THE RECORDS>
|---|

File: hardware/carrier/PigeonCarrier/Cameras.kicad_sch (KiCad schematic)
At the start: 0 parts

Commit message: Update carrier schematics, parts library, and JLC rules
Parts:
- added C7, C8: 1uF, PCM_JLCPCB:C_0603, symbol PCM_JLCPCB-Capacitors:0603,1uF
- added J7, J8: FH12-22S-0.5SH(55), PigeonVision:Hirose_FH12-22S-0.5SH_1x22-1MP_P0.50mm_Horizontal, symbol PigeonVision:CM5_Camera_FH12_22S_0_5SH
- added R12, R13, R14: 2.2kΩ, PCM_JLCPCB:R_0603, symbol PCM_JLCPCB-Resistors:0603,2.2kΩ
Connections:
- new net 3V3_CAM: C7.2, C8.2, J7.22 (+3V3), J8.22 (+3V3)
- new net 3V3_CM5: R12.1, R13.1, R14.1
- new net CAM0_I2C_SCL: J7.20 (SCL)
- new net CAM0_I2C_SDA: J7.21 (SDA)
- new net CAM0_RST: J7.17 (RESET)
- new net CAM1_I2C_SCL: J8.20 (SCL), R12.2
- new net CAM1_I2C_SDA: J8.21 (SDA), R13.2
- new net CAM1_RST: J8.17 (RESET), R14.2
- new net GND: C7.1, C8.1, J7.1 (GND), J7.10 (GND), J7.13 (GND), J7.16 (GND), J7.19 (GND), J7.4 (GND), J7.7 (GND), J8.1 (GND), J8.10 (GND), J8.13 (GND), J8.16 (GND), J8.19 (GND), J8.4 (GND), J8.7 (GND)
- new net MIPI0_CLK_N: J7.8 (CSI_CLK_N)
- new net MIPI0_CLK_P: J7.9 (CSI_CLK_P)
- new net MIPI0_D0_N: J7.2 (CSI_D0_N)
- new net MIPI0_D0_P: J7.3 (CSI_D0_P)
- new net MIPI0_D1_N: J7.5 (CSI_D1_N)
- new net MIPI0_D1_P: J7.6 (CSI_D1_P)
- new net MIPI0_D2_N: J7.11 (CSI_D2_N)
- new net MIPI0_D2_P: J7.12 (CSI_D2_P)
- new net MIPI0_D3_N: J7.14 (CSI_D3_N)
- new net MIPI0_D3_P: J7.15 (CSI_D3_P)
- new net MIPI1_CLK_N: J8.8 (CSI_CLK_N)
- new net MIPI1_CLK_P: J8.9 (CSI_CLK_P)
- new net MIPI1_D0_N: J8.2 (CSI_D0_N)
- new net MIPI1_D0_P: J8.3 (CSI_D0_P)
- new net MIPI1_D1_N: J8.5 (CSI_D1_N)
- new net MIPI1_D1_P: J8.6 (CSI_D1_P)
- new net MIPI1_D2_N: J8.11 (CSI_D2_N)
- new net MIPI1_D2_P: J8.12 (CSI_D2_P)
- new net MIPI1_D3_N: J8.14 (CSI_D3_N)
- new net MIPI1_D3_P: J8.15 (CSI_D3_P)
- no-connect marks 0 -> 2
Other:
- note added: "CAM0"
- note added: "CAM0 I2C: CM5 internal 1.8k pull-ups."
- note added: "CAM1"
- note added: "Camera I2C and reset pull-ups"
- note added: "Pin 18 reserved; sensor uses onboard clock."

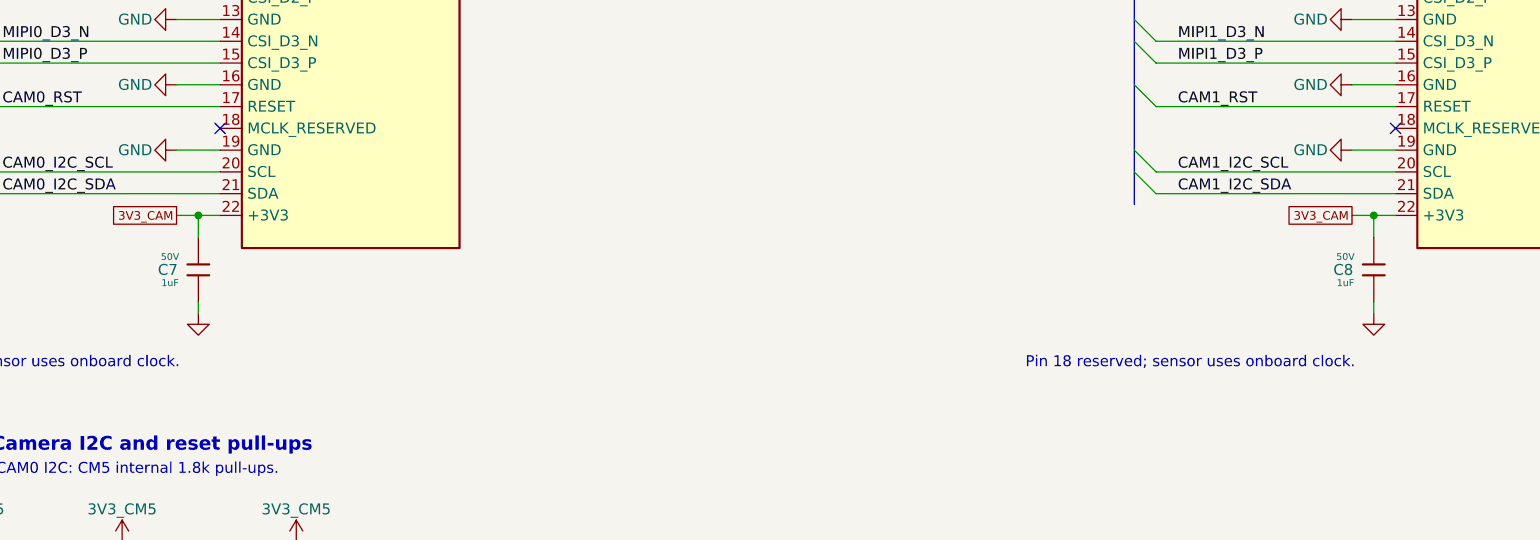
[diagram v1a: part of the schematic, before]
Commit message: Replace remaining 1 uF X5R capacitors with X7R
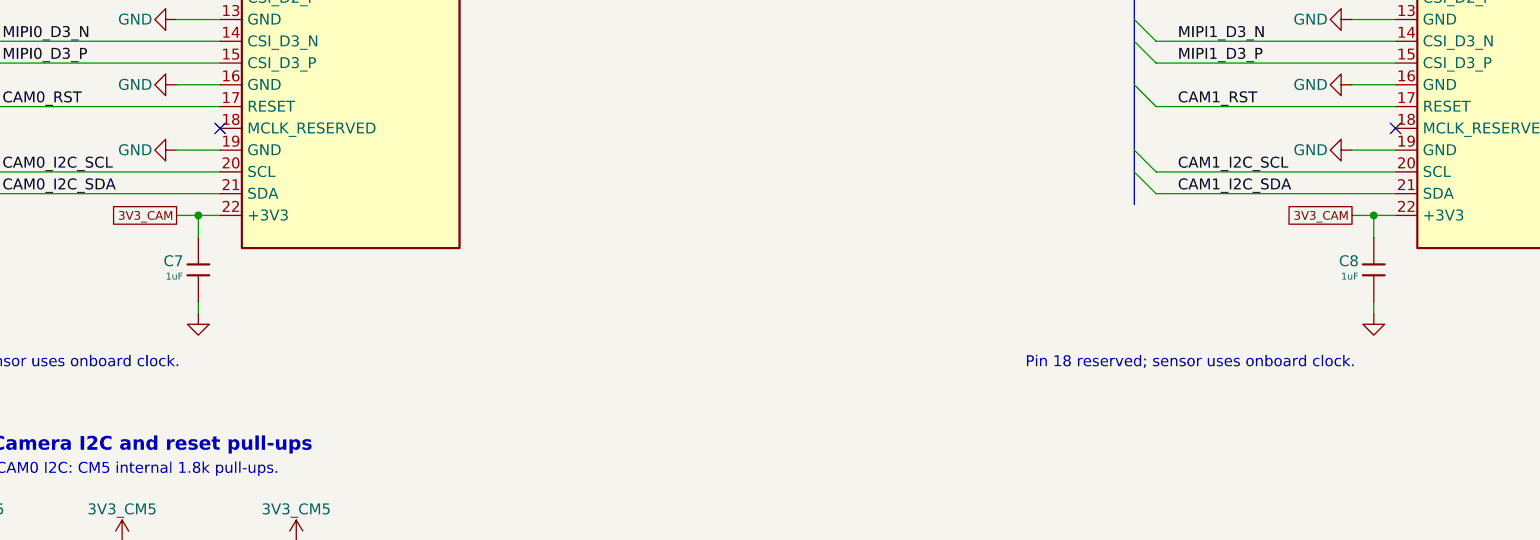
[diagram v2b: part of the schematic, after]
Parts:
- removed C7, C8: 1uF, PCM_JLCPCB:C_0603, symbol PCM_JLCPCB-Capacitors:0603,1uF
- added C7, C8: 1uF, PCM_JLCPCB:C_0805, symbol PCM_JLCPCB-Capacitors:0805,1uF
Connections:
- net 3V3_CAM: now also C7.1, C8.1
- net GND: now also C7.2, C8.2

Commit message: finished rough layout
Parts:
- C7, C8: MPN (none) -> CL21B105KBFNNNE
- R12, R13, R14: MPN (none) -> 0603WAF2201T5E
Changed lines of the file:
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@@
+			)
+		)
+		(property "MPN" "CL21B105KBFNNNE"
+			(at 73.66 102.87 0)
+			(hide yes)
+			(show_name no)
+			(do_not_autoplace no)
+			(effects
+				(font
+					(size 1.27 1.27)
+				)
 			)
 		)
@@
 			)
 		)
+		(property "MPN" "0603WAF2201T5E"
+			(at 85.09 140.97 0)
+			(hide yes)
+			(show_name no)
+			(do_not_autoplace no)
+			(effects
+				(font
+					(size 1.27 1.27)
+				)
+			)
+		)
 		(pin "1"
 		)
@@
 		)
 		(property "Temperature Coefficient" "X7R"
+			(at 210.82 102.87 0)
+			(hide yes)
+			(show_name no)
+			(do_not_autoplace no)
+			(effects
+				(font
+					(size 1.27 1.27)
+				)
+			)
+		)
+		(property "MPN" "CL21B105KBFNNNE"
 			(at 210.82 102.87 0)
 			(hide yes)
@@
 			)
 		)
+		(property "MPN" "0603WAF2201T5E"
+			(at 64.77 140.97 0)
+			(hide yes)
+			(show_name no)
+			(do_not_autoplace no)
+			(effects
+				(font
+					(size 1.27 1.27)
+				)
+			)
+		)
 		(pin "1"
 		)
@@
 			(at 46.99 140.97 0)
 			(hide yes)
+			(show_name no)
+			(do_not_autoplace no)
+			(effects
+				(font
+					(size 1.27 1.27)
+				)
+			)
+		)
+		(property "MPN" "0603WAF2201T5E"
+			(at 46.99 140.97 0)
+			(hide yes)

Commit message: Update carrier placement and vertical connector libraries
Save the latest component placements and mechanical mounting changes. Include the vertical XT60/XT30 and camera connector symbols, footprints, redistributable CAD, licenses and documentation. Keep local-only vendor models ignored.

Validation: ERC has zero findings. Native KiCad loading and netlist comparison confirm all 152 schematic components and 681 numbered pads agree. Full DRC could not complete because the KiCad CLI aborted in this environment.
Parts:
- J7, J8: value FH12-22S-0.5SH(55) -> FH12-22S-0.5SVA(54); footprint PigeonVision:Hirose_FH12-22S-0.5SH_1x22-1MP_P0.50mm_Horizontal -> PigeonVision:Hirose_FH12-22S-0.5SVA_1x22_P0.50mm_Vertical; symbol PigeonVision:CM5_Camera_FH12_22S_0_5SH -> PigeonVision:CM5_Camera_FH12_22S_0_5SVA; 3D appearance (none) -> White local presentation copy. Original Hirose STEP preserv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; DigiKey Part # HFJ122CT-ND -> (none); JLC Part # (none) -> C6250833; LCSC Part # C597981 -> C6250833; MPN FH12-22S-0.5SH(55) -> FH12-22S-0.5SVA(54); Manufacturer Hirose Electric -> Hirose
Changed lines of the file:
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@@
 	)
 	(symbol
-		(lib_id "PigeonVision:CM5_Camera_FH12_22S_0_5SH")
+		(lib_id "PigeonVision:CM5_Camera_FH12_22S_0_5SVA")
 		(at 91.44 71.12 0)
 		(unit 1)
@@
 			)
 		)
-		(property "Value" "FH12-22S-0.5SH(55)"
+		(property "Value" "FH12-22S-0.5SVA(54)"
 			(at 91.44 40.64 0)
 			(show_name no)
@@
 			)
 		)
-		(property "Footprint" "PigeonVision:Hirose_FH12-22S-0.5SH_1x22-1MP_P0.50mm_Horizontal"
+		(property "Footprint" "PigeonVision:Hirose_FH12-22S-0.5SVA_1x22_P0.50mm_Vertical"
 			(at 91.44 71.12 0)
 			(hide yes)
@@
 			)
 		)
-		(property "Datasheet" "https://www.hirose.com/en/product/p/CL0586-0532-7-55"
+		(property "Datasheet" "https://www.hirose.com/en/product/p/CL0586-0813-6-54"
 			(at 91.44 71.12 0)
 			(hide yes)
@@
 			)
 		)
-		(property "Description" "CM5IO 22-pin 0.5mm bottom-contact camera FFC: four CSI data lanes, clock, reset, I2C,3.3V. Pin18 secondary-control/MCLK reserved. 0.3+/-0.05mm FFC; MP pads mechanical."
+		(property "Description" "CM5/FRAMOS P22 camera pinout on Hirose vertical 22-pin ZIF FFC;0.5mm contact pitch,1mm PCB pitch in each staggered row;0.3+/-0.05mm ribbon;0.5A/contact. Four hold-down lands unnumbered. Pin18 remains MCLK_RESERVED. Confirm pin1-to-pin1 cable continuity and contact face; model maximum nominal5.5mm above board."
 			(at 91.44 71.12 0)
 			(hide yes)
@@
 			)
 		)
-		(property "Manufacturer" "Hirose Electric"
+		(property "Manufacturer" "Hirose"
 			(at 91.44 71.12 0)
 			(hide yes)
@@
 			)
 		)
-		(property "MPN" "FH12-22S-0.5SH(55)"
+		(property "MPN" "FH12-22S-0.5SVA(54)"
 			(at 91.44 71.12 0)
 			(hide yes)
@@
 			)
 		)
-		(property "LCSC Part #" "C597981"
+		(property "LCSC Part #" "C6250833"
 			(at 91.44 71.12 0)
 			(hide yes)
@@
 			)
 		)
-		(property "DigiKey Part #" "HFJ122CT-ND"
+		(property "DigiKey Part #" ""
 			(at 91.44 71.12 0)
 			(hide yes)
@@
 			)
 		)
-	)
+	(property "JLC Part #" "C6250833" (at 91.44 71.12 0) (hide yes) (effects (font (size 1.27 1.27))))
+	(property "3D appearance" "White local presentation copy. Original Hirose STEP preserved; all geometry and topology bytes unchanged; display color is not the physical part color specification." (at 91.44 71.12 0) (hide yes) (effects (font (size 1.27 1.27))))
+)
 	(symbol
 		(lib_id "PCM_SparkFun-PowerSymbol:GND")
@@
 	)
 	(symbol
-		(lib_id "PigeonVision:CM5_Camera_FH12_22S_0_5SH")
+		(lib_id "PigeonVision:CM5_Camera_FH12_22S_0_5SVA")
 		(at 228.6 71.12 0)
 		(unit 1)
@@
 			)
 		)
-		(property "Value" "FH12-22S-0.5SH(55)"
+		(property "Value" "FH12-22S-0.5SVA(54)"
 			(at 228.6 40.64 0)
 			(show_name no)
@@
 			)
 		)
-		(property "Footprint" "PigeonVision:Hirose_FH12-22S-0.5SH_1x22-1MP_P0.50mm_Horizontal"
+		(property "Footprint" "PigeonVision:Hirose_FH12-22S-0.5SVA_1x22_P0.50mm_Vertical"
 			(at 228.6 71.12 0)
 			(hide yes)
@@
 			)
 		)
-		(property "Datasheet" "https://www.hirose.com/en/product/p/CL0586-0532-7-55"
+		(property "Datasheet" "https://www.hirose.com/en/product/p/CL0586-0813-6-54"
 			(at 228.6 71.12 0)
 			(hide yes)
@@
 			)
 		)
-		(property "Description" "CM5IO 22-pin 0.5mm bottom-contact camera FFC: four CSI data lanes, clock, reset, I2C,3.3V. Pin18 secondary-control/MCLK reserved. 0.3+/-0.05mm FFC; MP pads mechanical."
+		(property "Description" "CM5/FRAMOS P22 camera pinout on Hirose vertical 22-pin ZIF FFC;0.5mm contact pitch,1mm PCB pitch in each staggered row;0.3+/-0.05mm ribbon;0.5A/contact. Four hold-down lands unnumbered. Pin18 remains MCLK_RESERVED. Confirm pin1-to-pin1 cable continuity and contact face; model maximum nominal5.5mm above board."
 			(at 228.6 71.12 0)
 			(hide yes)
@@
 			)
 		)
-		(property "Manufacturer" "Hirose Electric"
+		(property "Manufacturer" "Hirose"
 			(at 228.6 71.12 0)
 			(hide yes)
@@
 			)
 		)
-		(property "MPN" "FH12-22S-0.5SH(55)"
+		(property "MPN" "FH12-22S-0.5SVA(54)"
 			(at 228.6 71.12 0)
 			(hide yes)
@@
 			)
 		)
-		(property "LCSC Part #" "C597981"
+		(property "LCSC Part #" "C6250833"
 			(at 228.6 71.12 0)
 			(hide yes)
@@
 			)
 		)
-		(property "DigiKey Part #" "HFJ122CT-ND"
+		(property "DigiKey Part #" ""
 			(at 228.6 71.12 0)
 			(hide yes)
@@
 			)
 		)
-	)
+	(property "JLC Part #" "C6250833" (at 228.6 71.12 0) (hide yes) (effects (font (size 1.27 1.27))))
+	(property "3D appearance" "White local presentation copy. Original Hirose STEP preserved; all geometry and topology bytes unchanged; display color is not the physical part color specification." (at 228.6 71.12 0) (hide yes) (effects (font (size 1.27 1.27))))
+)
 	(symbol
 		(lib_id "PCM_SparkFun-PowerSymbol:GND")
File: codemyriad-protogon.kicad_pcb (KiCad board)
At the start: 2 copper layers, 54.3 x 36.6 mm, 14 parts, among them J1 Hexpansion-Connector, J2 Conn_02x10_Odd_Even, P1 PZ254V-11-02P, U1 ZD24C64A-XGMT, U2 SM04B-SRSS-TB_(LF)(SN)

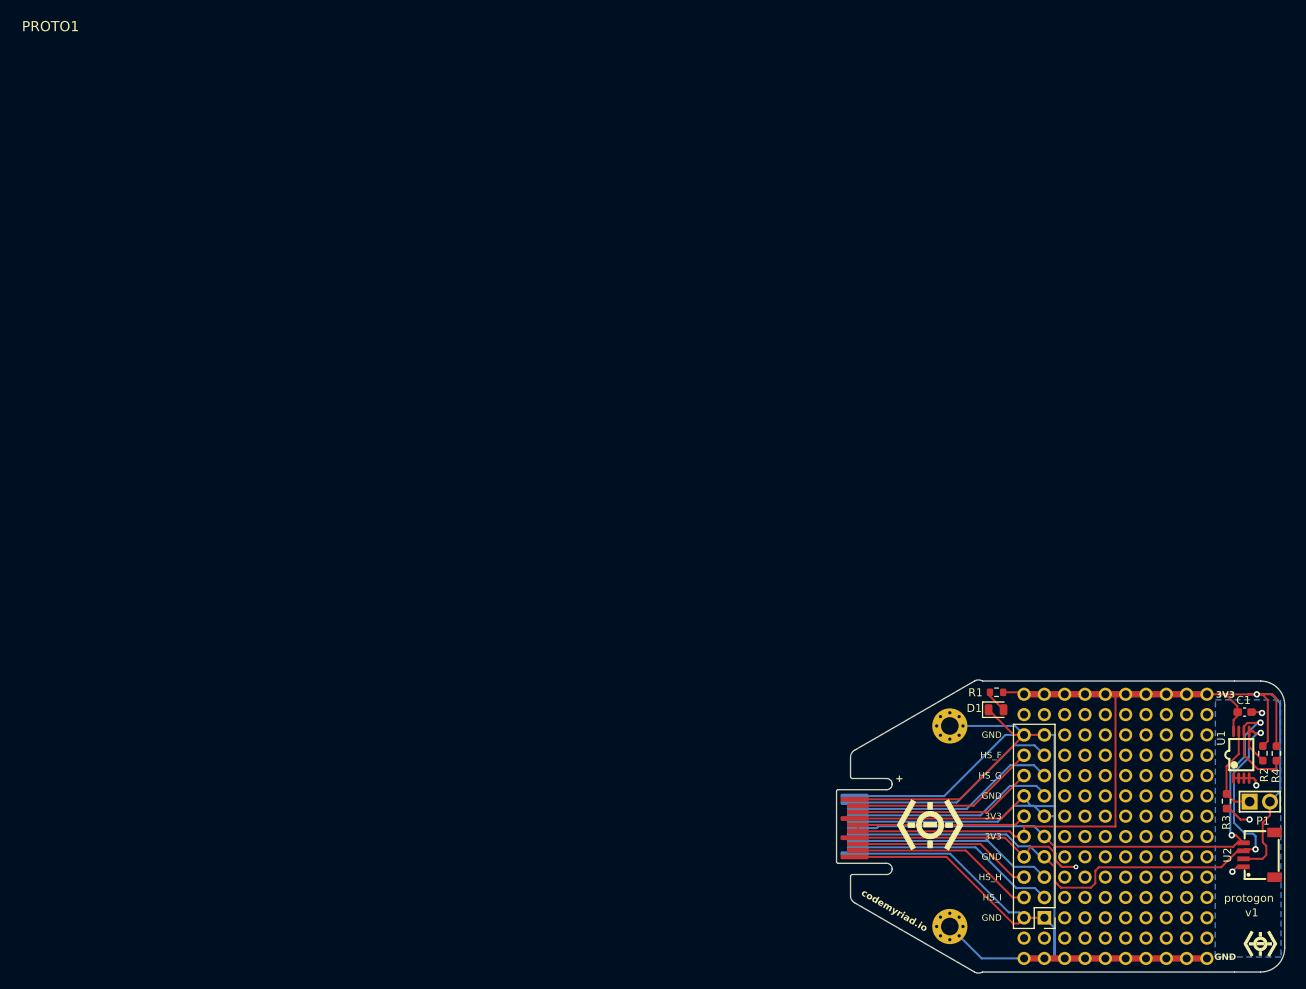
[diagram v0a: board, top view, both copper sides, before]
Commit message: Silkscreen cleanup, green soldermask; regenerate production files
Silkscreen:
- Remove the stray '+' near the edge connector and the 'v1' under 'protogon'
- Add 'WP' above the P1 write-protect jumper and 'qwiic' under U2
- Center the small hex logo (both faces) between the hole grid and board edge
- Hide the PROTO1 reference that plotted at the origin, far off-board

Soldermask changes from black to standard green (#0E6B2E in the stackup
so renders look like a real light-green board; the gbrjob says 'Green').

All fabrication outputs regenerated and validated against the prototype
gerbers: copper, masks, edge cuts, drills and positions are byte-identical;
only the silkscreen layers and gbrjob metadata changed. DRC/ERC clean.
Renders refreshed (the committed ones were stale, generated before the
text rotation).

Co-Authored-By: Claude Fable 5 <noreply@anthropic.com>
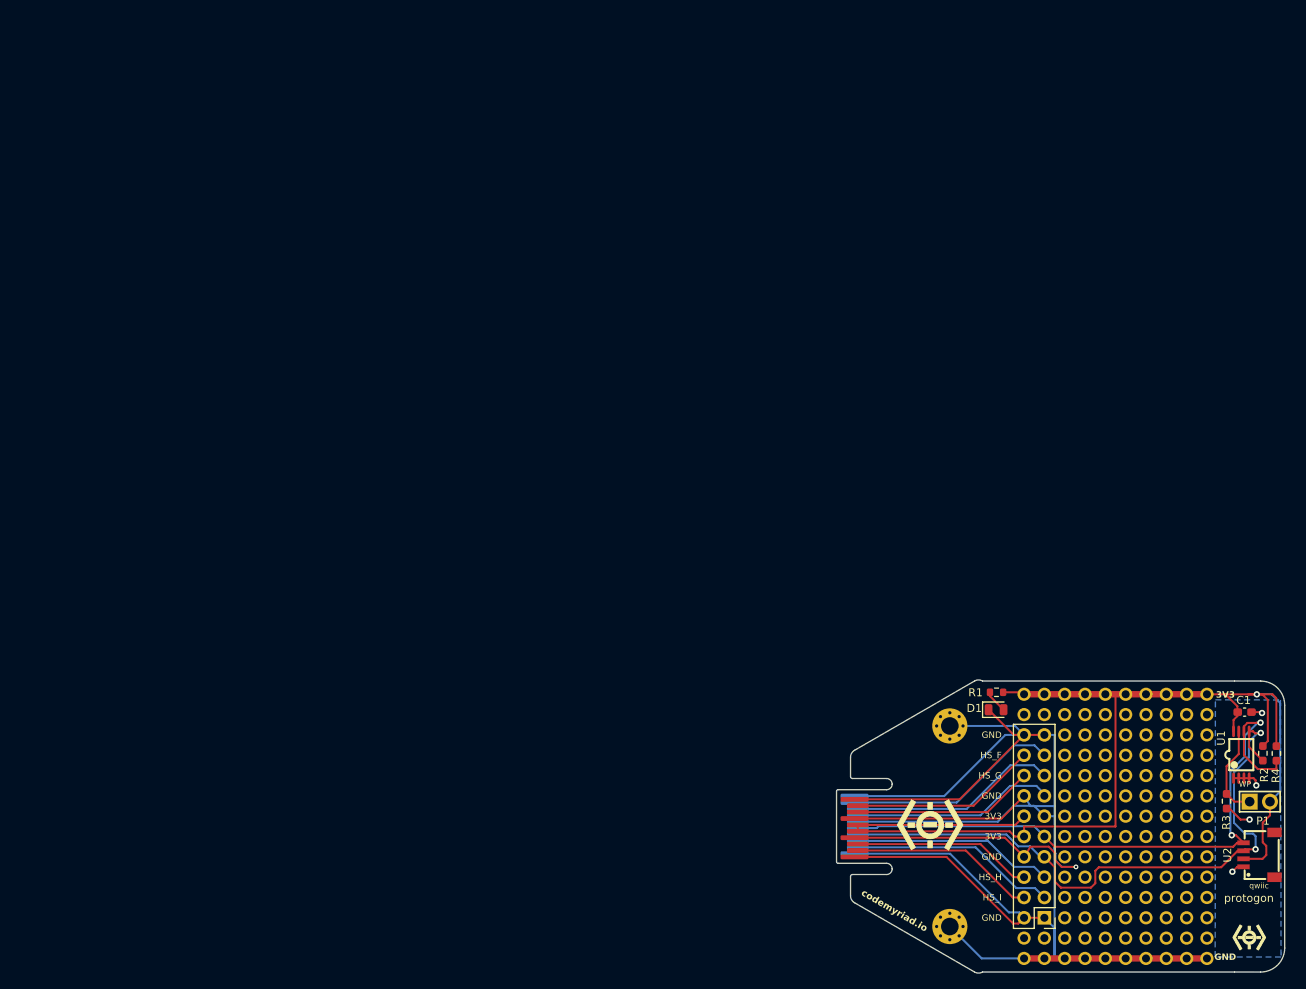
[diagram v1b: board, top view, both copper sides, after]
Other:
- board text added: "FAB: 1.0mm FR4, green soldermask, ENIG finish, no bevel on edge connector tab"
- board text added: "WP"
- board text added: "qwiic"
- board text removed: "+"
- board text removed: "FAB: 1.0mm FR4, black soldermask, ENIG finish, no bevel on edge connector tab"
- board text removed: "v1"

|---|

EXERCISE>
Each line from the top of the data, up to and including the line that contains "- new net MIPI0_D1_N: J7.5 (CSI_D1_N)", should be set down exactly.

FINISHED EXERCISE>
File: hardware/carrier/PigeonCarrier/Cameras.kicad_sch (KiCad schematic)
At the start: 0 parts

Commit message: Update carrier schematics, parts library, and JLC rules
Parts:
- added C7, C8: 1uF, PCM_JLCPCB:C_0603, symbol PCM_JLCPCB-Capacitors:0603,1uF
- added J7, J8: FH12-22S-0.5SH(55), PigeonVision:Hirose_FH12-22S-0.5SH_1x22-1MP_P0.50mm_Horizontal, symbol PigeonVision:CM5_Camera_FH12_22S_0_5SH
- added R12, R13, R14: 2.2kΩ, PCM_JLCPCB:R_0603, symbol PCM_JLCPCB-Resistors:0603,2.2kΩ
Connections:
- new net 3V3_CAM: C7.2, C8.2, J7.22 (+3V3), J8.22 (+3V3)
- new net 3V3_CM5: R12.1, R13.1, R14.1
- new net CAM0_I2C_SCL: J7.20 (SCL)
- new net CAM0_I2C_SDA: J7.21 (SDA)
- new net CAM0_RST: J7.17 (RESET)
- new net CAM1_I2C_SCL: J8.20 (SCL), R12.2
- new net CAM1_I2C_SDA: J8.21 (SDA), R13.2
- new net CAM1_RST: J8.17 (RESET), R14.2
- new net GND: C7.1, C8.1, J7.1 (GND), J7.10 (GND), J7.13 (GND), J7.16 (GND), J7.19 (GND), J7.4 (GND), J7.7 (GND), J8.1 (GND), J8.10 (GND), J8.13 (GND), J8.16 (GND), J8.19 (GND), J8.4 (GND), J8.7 (GND)
- new net MIPI0_CLK_N: J7.8 (CSI_CLK_N)
- new net MIPI0_CLK_P: J7.9 (CSI_CLK_P)
- new net MIPI0_D0_N: J7.2 (CSI_D0_N)
- new net MIPI0_D0_P: J7.3 (CSI_D0_P)
- new net MIPI0_D1_N: J7.5 (CSI_D1_N)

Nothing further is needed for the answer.